Si el doctor Ángel Sánchez no hubiera sido el director del hospital y un héroe

indiscutible de la Revolución, le habrían colocado una camisa de fuerza y enviado sin

más trámites al manicomio. Pero nadie se atrevió a echar abajo la puerta que él trancó

con el cerrojo, y cuando el alcalde tomó la decisión de hacerlo con ayuda de los

bomberos, ya habían pasado catorce horas y Ester Lucero estaba sentada en la

camilla, con los ojos abiertos, contemplando divertida a su tío Ángel, quien había

vuelto a despojarse de sus ropas e iniciaba la segunda etapa del tratamiento con

nuevas danzas rituales. Dos días más tarde, cuando llegó la comisión del Ministerio de

Salud enviada especialmente desde la capital, la enferma paseaba por el corredor del

brazo de su abuela, todo el pueblo desfilaba por el tercer piso para ver a la muchacha

resucitada y el director del hospital, vestido con impecable corrección, recibía a sus

colegas detrás de su escritorio. La comisión se abstuvo de preguntar detalles sobre las

inusitadas danzas del médico y dedicó su atención a indagar sobre las maravillosas

plantas del brujo.

Han pasado algunos años desde que Ester Lucero se cayó del mango.
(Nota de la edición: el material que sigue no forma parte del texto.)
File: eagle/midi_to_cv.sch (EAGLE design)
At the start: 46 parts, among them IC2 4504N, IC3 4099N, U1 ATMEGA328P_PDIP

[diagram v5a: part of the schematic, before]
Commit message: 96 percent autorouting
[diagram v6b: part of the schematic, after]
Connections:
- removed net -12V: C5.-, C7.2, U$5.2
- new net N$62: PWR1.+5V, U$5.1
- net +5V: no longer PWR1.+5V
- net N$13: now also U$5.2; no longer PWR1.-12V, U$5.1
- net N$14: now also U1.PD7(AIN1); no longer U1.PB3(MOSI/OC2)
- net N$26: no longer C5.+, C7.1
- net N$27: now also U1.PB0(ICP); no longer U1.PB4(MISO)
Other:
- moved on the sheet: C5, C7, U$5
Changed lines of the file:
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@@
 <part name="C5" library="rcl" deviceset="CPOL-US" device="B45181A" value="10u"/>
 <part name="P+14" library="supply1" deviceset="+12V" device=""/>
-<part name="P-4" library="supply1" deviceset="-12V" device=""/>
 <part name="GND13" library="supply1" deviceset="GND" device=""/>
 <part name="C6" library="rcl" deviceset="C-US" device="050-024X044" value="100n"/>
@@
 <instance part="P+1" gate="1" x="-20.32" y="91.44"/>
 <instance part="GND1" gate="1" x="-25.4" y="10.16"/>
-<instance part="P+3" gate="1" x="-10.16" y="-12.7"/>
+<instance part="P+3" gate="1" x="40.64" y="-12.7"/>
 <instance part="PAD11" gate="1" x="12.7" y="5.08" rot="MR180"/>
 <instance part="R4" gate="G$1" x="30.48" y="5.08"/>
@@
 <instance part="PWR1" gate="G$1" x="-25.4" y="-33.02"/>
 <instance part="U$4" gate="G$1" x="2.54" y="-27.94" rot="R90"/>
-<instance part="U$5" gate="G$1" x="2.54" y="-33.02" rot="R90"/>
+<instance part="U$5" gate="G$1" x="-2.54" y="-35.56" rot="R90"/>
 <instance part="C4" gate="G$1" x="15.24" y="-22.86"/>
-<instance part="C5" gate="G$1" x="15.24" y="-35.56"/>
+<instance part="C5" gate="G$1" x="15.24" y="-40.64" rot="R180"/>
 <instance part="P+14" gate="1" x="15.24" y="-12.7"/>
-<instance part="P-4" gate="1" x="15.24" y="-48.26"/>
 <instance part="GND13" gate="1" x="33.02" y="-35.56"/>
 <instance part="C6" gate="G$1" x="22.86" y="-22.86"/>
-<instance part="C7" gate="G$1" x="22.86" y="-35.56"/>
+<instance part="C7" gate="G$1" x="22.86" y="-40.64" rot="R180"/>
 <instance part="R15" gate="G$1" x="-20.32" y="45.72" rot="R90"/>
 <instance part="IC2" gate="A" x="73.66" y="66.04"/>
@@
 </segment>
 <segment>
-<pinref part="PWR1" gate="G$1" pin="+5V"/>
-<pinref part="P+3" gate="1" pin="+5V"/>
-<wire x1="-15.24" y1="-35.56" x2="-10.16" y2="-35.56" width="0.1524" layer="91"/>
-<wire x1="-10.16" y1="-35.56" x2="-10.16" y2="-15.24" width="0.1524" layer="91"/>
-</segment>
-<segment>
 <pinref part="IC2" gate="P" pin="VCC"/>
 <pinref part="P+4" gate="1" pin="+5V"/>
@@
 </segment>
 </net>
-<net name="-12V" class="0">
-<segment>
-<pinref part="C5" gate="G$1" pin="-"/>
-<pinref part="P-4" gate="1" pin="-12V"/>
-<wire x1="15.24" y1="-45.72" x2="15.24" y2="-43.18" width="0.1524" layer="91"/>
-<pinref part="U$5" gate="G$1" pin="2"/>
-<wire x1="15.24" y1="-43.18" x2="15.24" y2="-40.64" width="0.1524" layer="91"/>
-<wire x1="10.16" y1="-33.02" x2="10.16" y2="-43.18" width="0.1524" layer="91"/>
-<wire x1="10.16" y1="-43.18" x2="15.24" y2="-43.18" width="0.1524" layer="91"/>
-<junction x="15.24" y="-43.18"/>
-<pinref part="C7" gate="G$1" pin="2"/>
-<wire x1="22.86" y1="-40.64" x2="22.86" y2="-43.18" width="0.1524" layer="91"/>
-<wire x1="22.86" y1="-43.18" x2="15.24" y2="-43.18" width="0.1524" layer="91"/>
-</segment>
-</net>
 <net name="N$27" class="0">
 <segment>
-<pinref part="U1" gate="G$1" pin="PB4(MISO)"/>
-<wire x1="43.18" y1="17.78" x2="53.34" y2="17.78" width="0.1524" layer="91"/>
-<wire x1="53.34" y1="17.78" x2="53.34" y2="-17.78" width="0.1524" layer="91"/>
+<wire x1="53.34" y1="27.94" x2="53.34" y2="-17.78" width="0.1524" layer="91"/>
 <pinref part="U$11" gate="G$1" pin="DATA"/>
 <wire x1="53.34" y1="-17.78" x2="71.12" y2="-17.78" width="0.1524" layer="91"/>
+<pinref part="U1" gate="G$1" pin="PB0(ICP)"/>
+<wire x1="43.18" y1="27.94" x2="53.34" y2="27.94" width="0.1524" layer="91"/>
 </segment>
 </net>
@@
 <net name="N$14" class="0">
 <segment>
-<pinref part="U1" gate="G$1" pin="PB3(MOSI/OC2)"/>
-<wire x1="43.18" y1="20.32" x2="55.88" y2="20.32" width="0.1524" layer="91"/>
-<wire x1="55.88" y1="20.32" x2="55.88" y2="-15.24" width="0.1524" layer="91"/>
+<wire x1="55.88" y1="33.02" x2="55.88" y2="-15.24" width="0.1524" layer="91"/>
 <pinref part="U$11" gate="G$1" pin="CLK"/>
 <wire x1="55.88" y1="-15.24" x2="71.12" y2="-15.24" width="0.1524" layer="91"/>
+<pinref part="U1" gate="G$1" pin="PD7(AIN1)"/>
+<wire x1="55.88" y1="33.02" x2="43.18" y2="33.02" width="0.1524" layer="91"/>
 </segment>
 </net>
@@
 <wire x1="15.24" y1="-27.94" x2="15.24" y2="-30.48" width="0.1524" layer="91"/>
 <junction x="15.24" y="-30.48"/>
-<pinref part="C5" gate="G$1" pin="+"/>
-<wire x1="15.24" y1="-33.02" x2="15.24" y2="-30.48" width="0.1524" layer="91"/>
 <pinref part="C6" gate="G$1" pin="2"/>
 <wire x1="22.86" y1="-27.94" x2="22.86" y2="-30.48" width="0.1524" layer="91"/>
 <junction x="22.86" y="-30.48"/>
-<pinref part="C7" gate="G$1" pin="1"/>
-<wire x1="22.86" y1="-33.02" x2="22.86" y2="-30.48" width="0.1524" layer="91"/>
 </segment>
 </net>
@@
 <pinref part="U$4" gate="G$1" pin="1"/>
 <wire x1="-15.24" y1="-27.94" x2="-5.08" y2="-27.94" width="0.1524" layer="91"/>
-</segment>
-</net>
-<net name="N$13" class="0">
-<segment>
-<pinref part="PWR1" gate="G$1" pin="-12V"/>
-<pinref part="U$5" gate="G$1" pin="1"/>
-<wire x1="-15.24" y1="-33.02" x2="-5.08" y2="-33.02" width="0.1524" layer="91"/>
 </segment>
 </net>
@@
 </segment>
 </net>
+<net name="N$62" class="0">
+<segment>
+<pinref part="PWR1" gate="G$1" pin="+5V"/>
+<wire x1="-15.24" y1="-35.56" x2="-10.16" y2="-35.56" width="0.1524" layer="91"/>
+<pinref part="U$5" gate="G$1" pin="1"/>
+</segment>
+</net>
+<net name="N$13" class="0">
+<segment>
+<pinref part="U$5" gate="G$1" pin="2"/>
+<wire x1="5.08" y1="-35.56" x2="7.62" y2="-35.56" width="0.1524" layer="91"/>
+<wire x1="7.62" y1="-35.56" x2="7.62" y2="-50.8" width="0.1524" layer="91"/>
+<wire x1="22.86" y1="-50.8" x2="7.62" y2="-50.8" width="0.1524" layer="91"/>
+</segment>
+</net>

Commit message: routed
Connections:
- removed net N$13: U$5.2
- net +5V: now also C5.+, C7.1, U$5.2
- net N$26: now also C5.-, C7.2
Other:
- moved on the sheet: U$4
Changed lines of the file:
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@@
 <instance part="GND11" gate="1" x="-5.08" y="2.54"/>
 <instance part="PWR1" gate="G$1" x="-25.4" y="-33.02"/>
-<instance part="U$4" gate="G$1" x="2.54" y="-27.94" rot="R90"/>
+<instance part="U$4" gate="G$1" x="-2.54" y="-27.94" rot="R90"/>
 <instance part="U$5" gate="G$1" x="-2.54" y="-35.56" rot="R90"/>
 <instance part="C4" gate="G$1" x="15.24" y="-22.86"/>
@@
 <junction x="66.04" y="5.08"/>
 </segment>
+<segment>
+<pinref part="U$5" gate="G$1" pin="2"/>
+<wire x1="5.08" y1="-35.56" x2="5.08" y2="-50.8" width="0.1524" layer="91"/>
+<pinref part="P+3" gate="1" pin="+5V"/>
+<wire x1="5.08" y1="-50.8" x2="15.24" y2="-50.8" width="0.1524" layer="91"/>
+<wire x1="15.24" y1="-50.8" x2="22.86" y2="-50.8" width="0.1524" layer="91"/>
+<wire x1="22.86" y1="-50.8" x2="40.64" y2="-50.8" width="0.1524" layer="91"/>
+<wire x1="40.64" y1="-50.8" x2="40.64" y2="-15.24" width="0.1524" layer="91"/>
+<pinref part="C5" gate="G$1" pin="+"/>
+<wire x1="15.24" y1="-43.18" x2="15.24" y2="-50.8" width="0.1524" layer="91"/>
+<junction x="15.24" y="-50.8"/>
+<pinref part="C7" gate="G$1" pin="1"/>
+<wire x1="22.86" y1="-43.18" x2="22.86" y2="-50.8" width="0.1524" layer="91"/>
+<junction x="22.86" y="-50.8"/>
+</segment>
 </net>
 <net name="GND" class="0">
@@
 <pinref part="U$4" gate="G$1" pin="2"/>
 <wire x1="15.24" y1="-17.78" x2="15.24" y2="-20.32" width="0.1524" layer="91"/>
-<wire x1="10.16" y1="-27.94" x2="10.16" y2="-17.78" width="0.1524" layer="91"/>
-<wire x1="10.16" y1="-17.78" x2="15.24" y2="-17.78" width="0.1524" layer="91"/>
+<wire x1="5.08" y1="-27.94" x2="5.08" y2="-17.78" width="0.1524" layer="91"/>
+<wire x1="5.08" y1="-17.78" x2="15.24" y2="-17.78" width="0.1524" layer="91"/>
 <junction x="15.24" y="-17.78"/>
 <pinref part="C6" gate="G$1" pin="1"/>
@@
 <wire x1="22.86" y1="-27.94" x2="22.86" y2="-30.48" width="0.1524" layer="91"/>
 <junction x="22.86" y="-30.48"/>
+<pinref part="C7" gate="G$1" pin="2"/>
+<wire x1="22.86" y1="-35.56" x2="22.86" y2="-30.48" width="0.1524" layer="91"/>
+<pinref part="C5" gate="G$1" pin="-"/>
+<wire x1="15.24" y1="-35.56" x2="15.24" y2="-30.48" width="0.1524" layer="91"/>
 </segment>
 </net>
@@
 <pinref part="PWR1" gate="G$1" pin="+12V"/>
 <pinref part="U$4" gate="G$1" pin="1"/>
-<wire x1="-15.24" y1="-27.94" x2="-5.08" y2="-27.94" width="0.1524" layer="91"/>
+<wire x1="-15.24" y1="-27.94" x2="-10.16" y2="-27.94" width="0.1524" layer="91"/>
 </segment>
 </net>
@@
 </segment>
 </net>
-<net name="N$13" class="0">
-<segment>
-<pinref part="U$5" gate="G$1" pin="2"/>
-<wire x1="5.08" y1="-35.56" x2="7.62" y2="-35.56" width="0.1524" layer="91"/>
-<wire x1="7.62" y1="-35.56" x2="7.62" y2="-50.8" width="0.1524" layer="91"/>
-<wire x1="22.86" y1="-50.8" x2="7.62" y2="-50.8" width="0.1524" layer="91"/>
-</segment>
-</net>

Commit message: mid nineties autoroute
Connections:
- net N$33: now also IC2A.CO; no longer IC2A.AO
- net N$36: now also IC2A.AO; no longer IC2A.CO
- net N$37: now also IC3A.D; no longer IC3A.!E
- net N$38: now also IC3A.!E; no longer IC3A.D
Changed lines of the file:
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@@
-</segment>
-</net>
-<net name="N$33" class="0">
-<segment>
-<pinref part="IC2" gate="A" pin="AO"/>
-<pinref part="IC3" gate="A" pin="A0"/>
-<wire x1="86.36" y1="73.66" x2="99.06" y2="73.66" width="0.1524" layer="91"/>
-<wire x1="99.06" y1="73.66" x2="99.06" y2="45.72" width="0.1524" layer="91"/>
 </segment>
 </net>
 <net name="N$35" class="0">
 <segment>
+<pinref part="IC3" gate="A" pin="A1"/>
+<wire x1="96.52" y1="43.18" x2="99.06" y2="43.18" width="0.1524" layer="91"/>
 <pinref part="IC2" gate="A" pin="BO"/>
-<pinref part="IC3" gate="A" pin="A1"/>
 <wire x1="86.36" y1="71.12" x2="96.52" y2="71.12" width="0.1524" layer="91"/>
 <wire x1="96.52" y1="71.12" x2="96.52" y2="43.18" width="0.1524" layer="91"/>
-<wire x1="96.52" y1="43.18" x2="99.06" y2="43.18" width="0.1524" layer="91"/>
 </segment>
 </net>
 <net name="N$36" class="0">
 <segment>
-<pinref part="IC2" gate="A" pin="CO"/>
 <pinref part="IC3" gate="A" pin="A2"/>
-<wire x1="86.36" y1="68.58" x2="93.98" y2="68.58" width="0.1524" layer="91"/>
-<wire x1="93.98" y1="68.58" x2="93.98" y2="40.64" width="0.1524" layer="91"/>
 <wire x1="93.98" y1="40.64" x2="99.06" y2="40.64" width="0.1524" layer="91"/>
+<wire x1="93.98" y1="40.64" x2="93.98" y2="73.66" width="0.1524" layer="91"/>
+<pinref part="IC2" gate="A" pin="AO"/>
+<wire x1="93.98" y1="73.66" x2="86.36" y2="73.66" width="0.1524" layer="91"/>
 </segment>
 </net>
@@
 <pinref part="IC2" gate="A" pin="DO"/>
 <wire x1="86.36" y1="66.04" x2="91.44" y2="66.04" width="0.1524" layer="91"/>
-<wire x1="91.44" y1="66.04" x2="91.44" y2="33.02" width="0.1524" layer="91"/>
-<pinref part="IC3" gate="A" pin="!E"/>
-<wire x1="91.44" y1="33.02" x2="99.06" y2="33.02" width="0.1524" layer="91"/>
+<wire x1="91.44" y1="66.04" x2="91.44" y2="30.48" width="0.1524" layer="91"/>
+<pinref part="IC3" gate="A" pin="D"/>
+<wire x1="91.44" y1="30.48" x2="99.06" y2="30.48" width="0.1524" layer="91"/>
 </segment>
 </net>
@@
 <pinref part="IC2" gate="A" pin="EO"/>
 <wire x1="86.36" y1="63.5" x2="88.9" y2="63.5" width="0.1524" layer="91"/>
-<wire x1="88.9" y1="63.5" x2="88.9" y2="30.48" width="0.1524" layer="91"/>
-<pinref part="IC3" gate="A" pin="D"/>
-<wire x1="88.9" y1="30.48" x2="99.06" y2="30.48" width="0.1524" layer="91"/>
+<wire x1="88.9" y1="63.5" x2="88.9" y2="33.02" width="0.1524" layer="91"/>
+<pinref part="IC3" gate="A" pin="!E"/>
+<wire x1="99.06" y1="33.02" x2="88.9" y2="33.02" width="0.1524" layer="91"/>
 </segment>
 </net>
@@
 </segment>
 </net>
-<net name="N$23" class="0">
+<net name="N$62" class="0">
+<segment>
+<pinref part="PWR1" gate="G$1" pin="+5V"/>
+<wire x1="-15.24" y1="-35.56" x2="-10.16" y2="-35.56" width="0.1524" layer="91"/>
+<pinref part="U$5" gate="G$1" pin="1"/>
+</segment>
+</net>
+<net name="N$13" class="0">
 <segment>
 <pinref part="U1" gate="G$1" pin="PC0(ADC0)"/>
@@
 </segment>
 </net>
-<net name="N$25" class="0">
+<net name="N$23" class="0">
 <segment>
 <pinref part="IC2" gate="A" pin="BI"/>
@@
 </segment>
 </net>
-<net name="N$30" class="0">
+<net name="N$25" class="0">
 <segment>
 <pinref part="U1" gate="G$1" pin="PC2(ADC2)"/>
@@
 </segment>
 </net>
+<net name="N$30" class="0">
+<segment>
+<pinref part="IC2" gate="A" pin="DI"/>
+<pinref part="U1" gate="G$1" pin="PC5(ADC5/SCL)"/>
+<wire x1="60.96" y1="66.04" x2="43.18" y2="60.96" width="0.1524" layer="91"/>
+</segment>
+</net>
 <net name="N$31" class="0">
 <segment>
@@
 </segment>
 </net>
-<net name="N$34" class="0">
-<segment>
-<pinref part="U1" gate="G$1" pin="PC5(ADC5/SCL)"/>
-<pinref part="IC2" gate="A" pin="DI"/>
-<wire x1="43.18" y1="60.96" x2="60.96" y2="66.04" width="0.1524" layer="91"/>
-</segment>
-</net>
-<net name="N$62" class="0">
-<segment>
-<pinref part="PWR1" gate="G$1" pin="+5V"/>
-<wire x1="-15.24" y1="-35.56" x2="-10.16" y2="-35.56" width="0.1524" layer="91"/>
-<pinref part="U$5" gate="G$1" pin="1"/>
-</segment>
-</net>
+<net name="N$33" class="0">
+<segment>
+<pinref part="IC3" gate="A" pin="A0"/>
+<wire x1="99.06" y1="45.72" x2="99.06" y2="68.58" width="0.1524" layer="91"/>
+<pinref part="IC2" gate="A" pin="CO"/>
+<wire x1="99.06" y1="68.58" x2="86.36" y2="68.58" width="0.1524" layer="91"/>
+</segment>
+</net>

La joven se casó

con un inspector de atmósferas y se fue a vivir a la capital, donde dio a luz una niña

con huesos de alabastro y ojos oscuros. A su tío Ángel le envía de vez en cuando

nostálgicas tarjetas salpicadas de horrores ortográficos. El Ministerio de Salud ha

organizado cuatro expediciones para buscar las yerbas portentosas en la selva, sin

ningún éxito. La vegetación se tragó la aldea indígena y con ella la esperanza de un

medicamento científico contra los accidentes irremediables.

El doctor Ángel Sánchez ha quedado solo, sin más compañía que la imagen de Ester

Lucero que lo visita en su cuarto a la hora de la siesta, abrasando su alma en una

bacanal perpetua. El prestigio del médico ha aumentado mucho en toda la región,

porque lo escuchan hablar con los astros en lenguas aborígenes.